Research

I serve as a reviewer for ICASSP, Interspeech, IJCNN, EUSIPCO, DSP, Audio Engineering Society conference, IEEE /ACM Transactions on Audio, Speech and Language Processing, IEEE signal processing letters, Neurocomputing, IEEE Journal of Selected Topics in Signal Processing, Speech communication, IEEE Access, IEEE Transactions on Emerging Topics in Computational Intelligence, IEEE Transactions on signal processing, IEEE Transactions on multimedia, IEEE Open Journal of Signal Processing, etc.

I have two ESI highly cited papers (IEEE journal). I achieved 2018 IEEE SPS Best paper award for my work on deep learning based speech enhancement.  I am the IEEE Signal Processing Society - Speech and Language Technical Committee (SLTC) member (2023-2025). I am one of the World's Top 2% Scientists in 2022 ranked by Stanford University. I am an IEEE Senior Member.

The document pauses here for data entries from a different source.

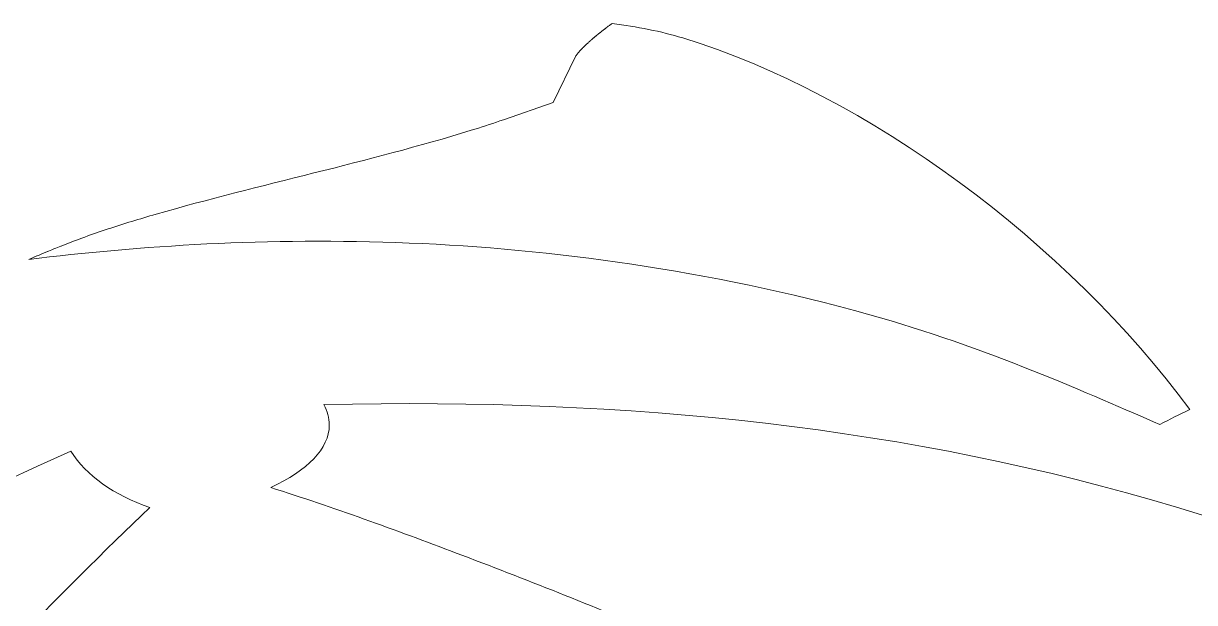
# Model space of a CAD drawing. Header units: millimetres. Extents: x 599 to 6075, y -2288 to 200.
# Drawn here: x 3170.5 to 3227.5, y -1444.3 to -1416.1 of the extents above; entities that cross this region are included whole.
import ezdxf

# ---------------------------------------------------------------- set-up
doc = ezdxf.new("R2010")
doc.units = ezdxf.units.MM
doc.header["$MEASUREMENT"] = 0
doc.layers.add('layer 1', color=7, linetype='Continuous')

msp = doc.modelspace()

# ---------------------------------------------------------------- linework, layer by layer
at = {"layer": 'layer 1', "color": 20, "lineweight": 9}
for points, knots in [([(3225.7713, -1435.6276), (3226.236, -1435.3712), (3226.726, -1435.1279), (3227.2389, -1434.8995), (3227.2389, -1434.8995), (3221.2998, -1426.8254), (3211.5488, -1419.5665), (3202.5814, -1416.826), (3202.5814, -1416.826), (3201.5304, -1416.5048), (3200.358, -1416.2919), (3199.1542, -1416.1222), (3199.1542, -1416.1222), (3199.1542, -1416.1222), (3199.1258, -1416.143), (3199.1258, -1416.143), (3199.1258, -1416.143), (3199.1258, -1416.143), (3199.1227, -1416.1453), (3199.1227, -1416.1453), (3199.1227, -1416.1453), (3199.1227, -1416.1453), (3199.091, -1416.1686), (3199.091, -1416.1686), (3199.091, -1416.1686), (3199.091, -1416.1686), (3199.0814, -1416.1757), (3199.0814, -1416.1757), (3199.0814, -1416.1757), (3199.0814, -1416.1757), (3199.0591, -1416.1921), (3199.0591, -1416.1921), (3199.0591, -1416.1921), (3199.0591, -1416.1921), (3199.0365, -1416.2088), (3199.0365, -1416.2088), (3199.0365, -1416.2088), (3199.0365, -1416.2088), (3199.0271, -1416.2158), (3199.0271, -1416.2158), (3199.0271, -1416.2158), (3199.0271, -1416.2158), (3198.995, -1416.2398), (3198.995, -1416.2398), (3198.995, -1416.2398), (3198.995, -1416.2398), (3198.9915, -1416.2423), (3198.9915, -1416.2423), (3198.9915, -1416.2423), (3198.9915, -1416.2423), (3198.9627, -1416.2639), (3198.9627, -1416.2639), (3198.9627, -1416.2639), (3198.9627, -1416.2639), (3198.9462, -1416.2762), (3198.9462, -1416.2762), (3198.9462, -1416.2762), (3198.9462, -1416.2762), (3198.9304, -1416.2882), (3198.9304, -1416.2882), (3198.9304, -1416.2882), (3198.9304, -1416.2882), (3198.9007, -1416.3105), (3198.9007, -1416.3105), (3198.9007, -1416.3105), (3198.9007, -1416.3105), (3198.8979, -1416.3127), (3198.8979, -1416.3127), (3198.8979, -1416.3127), (3198.8979, -1416.3127), (3198.8654, -1416.3374), (3198.8654, -1416.3374), (3198.8654, -1416.3374), (3198.8654, -1416.3374), (3198.8328, -1416.3622), (3198.8328, -1416.3622), (3198.8328, -1416.3622), (3198.8328, -1416.3622), (3198.8095, -1416.38), (3198.8095, -1416.38), (3198.8095, -1416.38), (3198.8095, -1416.38), (3198.8001, -1416.3872), (3198.8001, -1416.3872), (3198.8001, -1416.3872), (3198.8001, -1416.3872), (3198.7674, -1416.4123), (3198.7674, -1416.4123), (3198.7674, -1416.4123), (3198.7674, -1416.4123), (3198.7636, -1416.4152), (3198.7636, -1416.4152), (3198.7636, -1416.4152), (3198.7636, -1416.4152), (3198.7347, -1416.4376), (3198.7347, -1416.4376), (3198.7347, -1416.4376), (3198.7347, -1416.4376), (3198.7178, -1416.4507), (3198.7178, -1416.4507), (3198.7178, -1416.4507), (3198.7178, -1416.4507), (3198.702, -1416.463), (3198.702, -1416.463), (3198.702, -1416.463), (3198.702, -1416.463), (3198.6719, -1416.4865), (3198.6719, -1416.4865), (3198.6719, -1416.4865), (3198.6719, -1416.4865), (3198.6694, -1416.4885), (3198.6694, -1416.4885), (3198.6694, -1416.4885), (3198.6694, -1416.4885), (3198.6367, -1416.5141), (3198.6367, -1416.5141), (3198.6367, -1416.5141), (3198.6367, -1416.5141), (3198.6261, -1416.5225), (3198.6261, -1416.5225), (3198.6261, -1416.5225), (3198.6261, -1416.5225), (3198.604, -1416.5399), (3198.604, -1416.5399), (3198.604, -1416.5399), (3198.604, -1416.5399), (3198.5803, -1416.5586), (3198.5803, -1416.5586), (3198.5803, -1416.5586), (3198.5803, -1416.5586), (3198.5714, -1416.5658), (3198.5714, -1416.5658), (3198.5714, -1416.5658), (3198.5714, -1416.5658), (3198.5389, -1416.5917), (3198.5389, -1416.5917), (3198.5389, -1416.5917), (3198.5389, -1416.5917), (3198.5347, -1416.595), (3198.5347, -1416.595), (3198.5347, -1416.595), (3198.5347, -1416.595), (3198.5064, -1416.6177), (3198.5064, -1416.6177), (3198.5064, -1416.6177), (3198.5064, -1416.6177), (3198.4893, -1416.6315), (3198.4893, -1416.6315), (3198.4893, -1416.6315), (3198.4893, -1416.6315), (3198.4741, -1416.6438), (3198.4741, -1416.6438), (3198.4741, -1416.6438), (3198.4741, -1416.6438), (3198.444, -1416.6682), (3198.444, -1416.6682), (3198.444, -1416.6682), (3198.444, -1416.6682), (3198.4418, -1416.6701), (3198.4418, -1416.6701), (3198.4418, -1416.6701), (3198.4418, -1416.6701), (3198.4096, -1416.6963), (3198.4096, -1416.6963), (3198.4096, -1416.6963), (3198.4096, -1416.6963), (3198.3989, -1416.705), (3198.3989, -1416.705), (3198.3989, -1416.705), (3198.3989, -1416.705), (3198.3776, -1416.7226), (3198.3776, -1416.7226), (3198.3776, -1416.7226), (3198.3776, -1416.7226), (3198.3542, -1416.7419), (3198.3542, -1416.7419), (3198.3542, -1416.7419), (3198.3542, -1416.7419), (3198.3457, -1416.749), (3198.3457, -1416.749), (3198.3457, -1416.749), (3198.3457, -1416.749), (3198.3141, -1416.7753), (3198.3141, -1416.7753), (3198.3141, -1416.7753), (3198.3141, -1416.7753), (3198.3097, -1416.7789), (3198.3097, -1416.7789), (3198.3097, -1416.7789), (3198.3097, -1416.7789), (3198.2825, -1416.8017), (3198.2825, -1416.8017), (3198.2825, -1416.8017), (3198.2825, -1416.8017), (3198.2656, -1416.816), (3198.2656, -1416.816), (3198.2656, -1416.816), (3198.2656, -1416.816), (3198.2512, -1416.8282), (3198.2512, -1416.8282), (3198.2512, -1416.8282), (3198.2512, -1416.8282), (3198.2218, -1416.8531), (3198.2218, -1416.8531), (3198.2218, -1416.8531), (3198.2218, -1416.8531), (3198.2201, -1416.8546), (3198.2201, -1416.8546), (3198.2201, -1416.8546), (3198.2201, -1416.8546), (3198.1892, -1416.881), (3198.1892, -1416.881), (3198.1892, -1416.881), (3198.1892, -1416.881), (3198.1786, -1416.8902), (3198.1786, -1416.8902), (3198.1786, -1416.8902), (3198.1786, -1416.8902), (3198.1584, -1416.9076), (3198.1584, -1416.9076), (3198.1584, -1416.9076), (3198.1584, -1416.9076), (3198.1358, -1416.9273), (3198.1358, -1416.9273), (3198.1358, -1416.9273), (3198.1358, -1416.9273), (3198.128, -1416.934), (3198.128, -1416.934), (3198.128, -1416.934), (3198.128, -1416.934), (3198.0978, -1416.9604), (3198.0978, -1416.9604), (3198.0978, -1416.9604), (3198.0978, -1416.9604), (3198.0934, -1416.9644), (3198.0934, -1416.9644), (3198.0934, -1416.9644), (3198.0934, -1416.9644), (3198.0679, -1416.9869), (3198.0679, -1416.9869), (3198.0679, -1416.9869), (3198.0679, -1416.9869), (3198.0516, -1417.0014), (3198.0516, -1417.0014), (3198.0516, -1417.0014), (3198.0516, -1417.0014), (3198.0383, -1417.0132), (3198.0383, -1417.0132), (3198.0383, -1417.0132), (3198.0383, -1417.0132), (3198.0104, -1417.0384), (3198.0104, -1417.0384), (3198.0104, -1417.0384), (3198.0104, -1417.0384), (3198.009, -1417.0396), (3198.009, -1417.0396), (3198.009, -1417.0396), (3198.009, -1417.0396), (3197.9801, -1417.0659), (3197.9801, -1417.0659), (3197.9801, -1417.0659), (3197.9801, -1417.0659), (3197.9698, -1417.0753), (3197.9698, -1417.0753), (3197.9698, -1417.0753), (3197.9698, -1417.0753), (3197.9514, -1417.0922), (3197.9514, -1417.0922), (3197.9514, -1417.0922), (3197.9514, -1417.0922), (3197.9299, -1417.112), (3197.9299, -1417.112), (3197.9299, -1417.112), (3197.9299, -1417.112), (3197.9231, -1417.1184), (3197.9231, -1417.1184), (3197.9231, -1417.1184), (3197.9231, -1417.1184), (3197.8951, -1417.1445), (3197.8951, -1417.1445), (3197.8951, -1417.1445), (3197.8951, -1417.1445), (3197.8906, -1417.1487), (3197.8906, -1417.1487), (3197.8906, -1417.1487), (3197.8906, -1417.1487), (3197.8675, -1417.1705), (3197.8675, -1417.1705), (3197.8675, -1417.1705), (3197.8675, -1417.1705), (3197.8522, -1417.1852), (3197.8522, -1417.1852), (3197.8522, -1417.1852), (3197.8522, -1417.1852), (3197.8403, -1417.1965), (3197.8403, -1417.1965), (3197.8403, -1417.1965), (3197.8403, -1417.1965), (3197.8145, -1417.2214), (3197.8145, -1417.2214), (3197.8145, -1417.2214), (3197.8145, -1417.2214), (3197.8135, -1417.2224), (3197.8135, -1417.2224), (3197.8135, -1417.2224), (3197.8135, -1417.2224), (3197.7871, -1417.2482), (3197.7871, -1417.2482), (3197.7871, -1417.2482), (3197.7871, -1417.2482), (3197.7776, -1417.2575), (3197.7776, -1417.2575), (3197.7776, -1417.2575), (3197.7776, -1417.2575), (3197.7612, -1417.2738), (3197.7612, -1417.2738), (3197.7612, -1417.2738), (3197.7612, -1417.2738), (3197.7415, -1417.2934), (3197.7415, -1417.2934), (3197.7415, -1417.2934), (3197.7415, -1417.2934), (3197.7357, -1417.2993), (3197.7357, -1417.2993), (3197.7357, -1417.2993), (3197.7357, -1417.2993), (3197.7107, -1417.3247), (3197.7107, -1417.3247), (3197.7107, -1417.3247), (3197.7107, -1417.3247), (3197.7064, -1417.3291), (3197.7064, -1417.3291), (3197.7064, -1417.3291), (3197.7064, -1417.3291), (3197.6861, -1417.35), (3197.6861, -1417.35), (3197.6861, -1417.35), (3197.6861, -1417.35), (3197.6722, -1417.3644), (3197.6722, -1417.3644), (3197.6722, -1417.3644), (3197.6722, -1417.3644), (3197.662, -1417.3751), (3197.662, -1417.3751), (3197.662, -1417.3751), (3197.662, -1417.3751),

Tencent America LLC, Bellevue, WA, USA    Principle Research Scientist   2021 – present  Multi-channel speech enhancement/separation/de-reverberation/speech recognition, I proposed ADL-MVDR/RNN beamformer

Tencent America LLC, Bellevue, WA, USA    Senior Research Scientist   2018 – 2021  Multi-modality speech enhancement/separation/de-reverberation/speech recognition

University of Surrey, Guildford, UK    Full-time Research Fellow    2016 – 2018 Deep learning (DNN/CNN/LSTM, attention, reinforcement learning, generative adversarial network, etc) based environmental sound classification and analysis.

Georgia Institute of Technology, USA  Visiting Student     2014– 2015

Deep neural networks based speech enhancement and used for the automatic speech recognition (ASR), and my advisor is Prof. Chin-Hui Lee.

Bosch - research center, CA, USA Short Internship    Sept. 2014– Oct. 2014

Deep neural networks based speech enhancement and used for the automatic speech recognition (ASR)

Speech Lab, USTC, China Jul. 2012 – Jun. 2015

--- DNN based speech enhancement, cooperated with Prof. Chin-Hui Lee (Georgia Tech)

---I developed a Large Vocabulary Continuous Speech Recognition (LVCSR) system trained on 2300h English speech database, and built a baseline for OOV term detection. MLE, DT, Tandem systems were built.

Speech Lab, USTC, Hefei, China     Graduate student Sept. 2010 – Jul. 2012

Working on Spoken Term Detection (STD) for Out-Of-Vocabulary (OOV) words, I use the tri-phone confusion matrix and a hybrid fragment / syllable system to improve the performance of OOV term detection.

Speech Lab, USTC, Hefei, China     Undergraduate student        Mar. 2010 – Jul. 2010

I did the project of my undergraduate thesis about room acoustic impulse response.